▶ _WHAT TO DO_
This exercise calls for the line with "#47=CARTESIAN_POINT('',(0.,5.,0.));", the line with "#67=CIRCLE('',#66,1.49999999999862);", and all lines between them in the material below, output exactly and with no other lines.

▶ _RECORDS FOR THE EXERCISE_
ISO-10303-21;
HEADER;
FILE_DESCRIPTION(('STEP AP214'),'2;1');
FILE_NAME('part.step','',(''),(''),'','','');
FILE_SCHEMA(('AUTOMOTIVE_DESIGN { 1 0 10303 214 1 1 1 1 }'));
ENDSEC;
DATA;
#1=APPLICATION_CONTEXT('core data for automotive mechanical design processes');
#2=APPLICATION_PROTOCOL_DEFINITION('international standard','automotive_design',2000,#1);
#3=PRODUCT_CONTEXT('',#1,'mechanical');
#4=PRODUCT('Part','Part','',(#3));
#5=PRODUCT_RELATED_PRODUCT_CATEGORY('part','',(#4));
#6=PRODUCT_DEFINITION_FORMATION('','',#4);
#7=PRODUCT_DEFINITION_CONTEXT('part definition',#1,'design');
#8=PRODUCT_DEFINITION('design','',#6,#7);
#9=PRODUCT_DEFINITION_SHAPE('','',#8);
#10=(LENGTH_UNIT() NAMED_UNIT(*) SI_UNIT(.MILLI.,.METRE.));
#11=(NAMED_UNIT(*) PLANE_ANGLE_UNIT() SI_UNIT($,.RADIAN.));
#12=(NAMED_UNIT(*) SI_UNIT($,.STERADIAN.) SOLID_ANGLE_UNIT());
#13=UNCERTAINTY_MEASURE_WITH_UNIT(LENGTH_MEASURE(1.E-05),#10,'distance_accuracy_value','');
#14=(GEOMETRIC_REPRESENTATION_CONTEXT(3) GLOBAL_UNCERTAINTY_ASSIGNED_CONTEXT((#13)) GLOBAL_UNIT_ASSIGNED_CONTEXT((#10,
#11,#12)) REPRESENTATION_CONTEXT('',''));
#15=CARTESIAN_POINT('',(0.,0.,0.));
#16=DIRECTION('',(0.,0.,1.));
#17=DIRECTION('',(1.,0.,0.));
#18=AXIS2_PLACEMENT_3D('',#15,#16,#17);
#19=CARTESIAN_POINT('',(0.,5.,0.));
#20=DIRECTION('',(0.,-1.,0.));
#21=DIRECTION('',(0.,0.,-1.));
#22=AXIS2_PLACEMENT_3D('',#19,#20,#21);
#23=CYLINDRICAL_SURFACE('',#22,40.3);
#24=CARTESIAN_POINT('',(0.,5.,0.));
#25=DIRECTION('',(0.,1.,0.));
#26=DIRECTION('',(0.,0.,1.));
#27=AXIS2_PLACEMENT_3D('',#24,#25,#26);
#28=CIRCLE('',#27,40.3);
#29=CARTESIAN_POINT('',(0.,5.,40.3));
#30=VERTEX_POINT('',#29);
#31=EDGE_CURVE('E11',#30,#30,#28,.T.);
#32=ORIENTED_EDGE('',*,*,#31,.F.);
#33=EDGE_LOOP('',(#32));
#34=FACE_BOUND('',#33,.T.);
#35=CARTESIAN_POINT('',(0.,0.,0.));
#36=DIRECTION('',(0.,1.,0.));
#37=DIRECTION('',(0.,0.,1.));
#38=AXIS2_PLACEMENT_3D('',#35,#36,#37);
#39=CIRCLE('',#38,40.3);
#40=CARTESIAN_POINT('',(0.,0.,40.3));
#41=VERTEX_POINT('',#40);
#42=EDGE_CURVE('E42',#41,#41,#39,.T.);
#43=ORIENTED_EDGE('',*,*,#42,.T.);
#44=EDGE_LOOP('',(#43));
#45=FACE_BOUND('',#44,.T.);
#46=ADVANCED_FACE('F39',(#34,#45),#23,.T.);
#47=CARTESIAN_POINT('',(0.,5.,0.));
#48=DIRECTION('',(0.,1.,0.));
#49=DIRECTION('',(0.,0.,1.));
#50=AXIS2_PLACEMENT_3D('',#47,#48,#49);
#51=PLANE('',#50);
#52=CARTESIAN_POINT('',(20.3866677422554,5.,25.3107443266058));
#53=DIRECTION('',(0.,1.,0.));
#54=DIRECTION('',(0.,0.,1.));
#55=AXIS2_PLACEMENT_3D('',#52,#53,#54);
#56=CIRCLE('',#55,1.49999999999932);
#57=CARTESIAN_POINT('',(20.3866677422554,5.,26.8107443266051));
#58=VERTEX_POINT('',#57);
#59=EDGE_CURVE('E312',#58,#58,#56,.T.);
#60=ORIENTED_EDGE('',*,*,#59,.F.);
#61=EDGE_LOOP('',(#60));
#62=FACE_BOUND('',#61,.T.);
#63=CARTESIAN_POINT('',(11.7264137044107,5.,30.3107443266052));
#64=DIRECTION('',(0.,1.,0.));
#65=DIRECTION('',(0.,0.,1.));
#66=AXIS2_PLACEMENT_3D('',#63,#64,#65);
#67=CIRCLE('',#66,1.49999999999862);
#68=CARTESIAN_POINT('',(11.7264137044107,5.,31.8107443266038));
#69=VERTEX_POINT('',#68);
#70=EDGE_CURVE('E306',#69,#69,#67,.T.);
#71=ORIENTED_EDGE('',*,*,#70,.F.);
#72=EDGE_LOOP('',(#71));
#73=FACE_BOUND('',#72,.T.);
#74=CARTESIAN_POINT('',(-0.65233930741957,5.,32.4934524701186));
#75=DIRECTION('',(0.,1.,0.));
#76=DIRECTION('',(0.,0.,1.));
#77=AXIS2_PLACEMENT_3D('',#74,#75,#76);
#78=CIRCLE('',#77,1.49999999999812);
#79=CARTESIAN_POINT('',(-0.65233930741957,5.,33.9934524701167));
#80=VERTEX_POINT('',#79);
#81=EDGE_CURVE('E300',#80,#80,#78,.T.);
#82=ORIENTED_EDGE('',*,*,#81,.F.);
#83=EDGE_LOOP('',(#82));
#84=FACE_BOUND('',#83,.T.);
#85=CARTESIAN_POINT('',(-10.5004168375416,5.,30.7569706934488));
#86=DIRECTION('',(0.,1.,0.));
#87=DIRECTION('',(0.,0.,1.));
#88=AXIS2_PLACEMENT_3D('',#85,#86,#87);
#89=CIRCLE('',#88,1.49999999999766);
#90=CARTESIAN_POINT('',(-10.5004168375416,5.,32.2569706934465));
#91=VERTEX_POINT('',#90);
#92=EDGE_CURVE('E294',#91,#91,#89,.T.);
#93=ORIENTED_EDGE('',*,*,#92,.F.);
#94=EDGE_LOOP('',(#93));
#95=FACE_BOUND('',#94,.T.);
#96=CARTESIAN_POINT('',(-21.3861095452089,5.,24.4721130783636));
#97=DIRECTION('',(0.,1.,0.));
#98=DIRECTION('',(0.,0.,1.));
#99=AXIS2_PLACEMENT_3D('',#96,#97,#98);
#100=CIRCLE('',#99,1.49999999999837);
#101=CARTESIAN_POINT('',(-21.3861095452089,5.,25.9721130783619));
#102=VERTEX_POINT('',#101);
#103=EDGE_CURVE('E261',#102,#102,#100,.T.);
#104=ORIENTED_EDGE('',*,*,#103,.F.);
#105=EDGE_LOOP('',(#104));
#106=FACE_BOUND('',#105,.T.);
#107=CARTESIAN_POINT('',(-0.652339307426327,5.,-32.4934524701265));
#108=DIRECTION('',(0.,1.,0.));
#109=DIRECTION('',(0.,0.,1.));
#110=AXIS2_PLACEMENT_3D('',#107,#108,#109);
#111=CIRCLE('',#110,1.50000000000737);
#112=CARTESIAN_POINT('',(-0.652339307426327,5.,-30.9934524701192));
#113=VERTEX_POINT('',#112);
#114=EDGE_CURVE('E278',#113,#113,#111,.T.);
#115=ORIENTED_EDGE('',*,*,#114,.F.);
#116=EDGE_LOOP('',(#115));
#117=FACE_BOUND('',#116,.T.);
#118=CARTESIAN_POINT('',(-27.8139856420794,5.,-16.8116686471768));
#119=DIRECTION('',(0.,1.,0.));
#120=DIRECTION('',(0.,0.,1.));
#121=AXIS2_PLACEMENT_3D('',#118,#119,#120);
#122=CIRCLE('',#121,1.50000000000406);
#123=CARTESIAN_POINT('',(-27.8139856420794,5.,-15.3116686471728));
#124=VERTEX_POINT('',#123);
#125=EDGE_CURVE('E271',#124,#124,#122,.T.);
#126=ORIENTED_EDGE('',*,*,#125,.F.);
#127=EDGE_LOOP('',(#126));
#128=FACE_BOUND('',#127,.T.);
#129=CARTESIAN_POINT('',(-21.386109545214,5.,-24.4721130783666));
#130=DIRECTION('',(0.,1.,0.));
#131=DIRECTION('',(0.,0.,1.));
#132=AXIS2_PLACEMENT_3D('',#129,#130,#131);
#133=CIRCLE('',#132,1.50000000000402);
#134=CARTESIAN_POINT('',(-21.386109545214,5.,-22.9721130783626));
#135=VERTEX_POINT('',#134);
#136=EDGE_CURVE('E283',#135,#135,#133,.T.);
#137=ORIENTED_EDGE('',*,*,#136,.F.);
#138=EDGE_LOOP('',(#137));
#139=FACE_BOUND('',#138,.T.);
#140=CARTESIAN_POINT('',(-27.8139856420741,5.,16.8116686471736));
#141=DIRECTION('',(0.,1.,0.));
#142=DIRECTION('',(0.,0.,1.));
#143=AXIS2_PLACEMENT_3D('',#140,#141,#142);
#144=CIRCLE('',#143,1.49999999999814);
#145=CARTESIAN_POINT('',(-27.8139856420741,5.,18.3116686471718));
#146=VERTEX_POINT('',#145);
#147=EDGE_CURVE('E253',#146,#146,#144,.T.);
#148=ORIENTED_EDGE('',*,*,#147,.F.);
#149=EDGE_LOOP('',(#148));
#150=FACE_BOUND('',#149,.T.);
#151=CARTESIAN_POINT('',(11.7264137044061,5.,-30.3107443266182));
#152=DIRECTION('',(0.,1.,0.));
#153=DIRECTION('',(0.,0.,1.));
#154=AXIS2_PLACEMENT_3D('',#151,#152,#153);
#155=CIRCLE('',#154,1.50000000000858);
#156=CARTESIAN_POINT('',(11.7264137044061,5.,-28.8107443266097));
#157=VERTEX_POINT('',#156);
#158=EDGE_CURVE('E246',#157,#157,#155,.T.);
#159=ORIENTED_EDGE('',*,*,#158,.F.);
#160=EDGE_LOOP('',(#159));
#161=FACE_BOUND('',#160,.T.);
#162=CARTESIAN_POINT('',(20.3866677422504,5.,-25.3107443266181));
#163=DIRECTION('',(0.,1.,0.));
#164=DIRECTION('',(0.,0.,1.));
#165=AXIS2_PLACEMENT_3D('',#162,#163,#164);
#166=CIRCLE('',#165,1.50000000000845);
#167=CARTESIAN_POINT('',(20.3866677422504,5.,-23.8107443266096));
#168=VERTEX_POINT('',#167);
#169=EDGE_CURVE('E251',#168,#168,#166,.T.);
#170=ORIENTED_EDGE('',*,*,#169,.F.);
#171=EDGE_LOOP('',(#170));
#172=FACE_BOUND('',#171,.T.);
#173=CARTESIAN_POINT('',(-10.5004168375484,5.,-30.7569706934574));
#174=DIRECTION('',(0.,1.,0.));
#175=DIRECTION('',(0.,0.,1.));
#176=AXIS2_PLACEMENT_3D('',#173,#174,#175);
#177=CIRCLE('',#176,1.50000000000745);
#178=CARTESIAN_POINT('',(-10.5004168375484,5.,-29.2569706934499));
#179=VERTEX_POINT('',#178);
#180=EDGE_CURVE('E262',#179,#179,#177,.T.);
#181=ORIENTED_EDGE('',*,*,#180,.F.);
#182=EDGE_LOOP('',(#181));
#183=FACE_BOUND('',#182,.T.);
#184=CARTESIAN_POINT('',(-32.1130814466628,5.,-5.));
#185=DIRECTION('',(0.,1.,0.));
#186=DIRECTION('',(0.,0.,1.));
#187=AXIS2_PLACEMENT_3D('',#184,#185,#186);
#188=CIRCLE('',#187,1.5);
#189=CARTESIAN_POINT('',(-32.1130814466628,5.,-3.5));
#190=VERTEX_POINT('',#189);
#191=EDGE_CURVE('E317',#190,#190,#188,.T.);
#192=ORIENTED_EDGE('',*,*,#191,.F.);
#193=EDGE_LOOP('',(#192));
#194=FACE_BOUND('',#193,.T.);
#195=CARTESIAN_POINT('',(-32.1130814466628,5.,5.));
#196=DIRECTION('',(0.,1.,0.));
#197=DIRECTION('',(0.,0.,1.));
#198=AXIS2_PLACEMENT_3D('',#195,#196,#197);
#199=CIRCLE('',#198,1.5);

▶ _SOLUTION FOR THIS PROBLEM_
#47=CARTESIAN_POINT('',(0.,5.,0.));
#48=DIRECTION('',(0.,1.,0.));
#49=DIRECTION('',(0.,0.,1.));
#50=AXIS2_PLACEMENT_3D('',#47,#48,#49);
#51=PLANE('',#50);
#52=CARTESIAN_POINT('',(20.3866677422554,5.,25.3107443266058));
#53=DIRECTION('',(0.,1.,0.));
#54=DIRECTION('',(0.,0.,1.));
#55=AXIS2_PLACEMENT_3D('',#52,#53,#54);
#56=CIRCLE('',#55,1.49999999999932);
#57=CARTESIAN_POINT('',(20.3866677422554,5.,26.8107443266051));
#58=VERTEX_POINT('',#57);
#59=EDGE_CURVE('E312',#58,#58,#56,.T.);
#60=ORIENTED_EDGE('',*,*,#59,.F.);
#61=EDGE_LOOP('',(#60));
#62=FACE_BOUND('',#61,.T.);
#63=CARTESIAN_POINT('',(11.7264137044107,5.,30.3107443266052));
#64=DIRECTION('',(0.,1.,0.));
#65=DIRECTION('',(0.,0.,1.));
#66=AXIS2_PLACEMENT_3D('',#63,#64,#65);
#67=CIRCLE('',#66,1.49999999999862);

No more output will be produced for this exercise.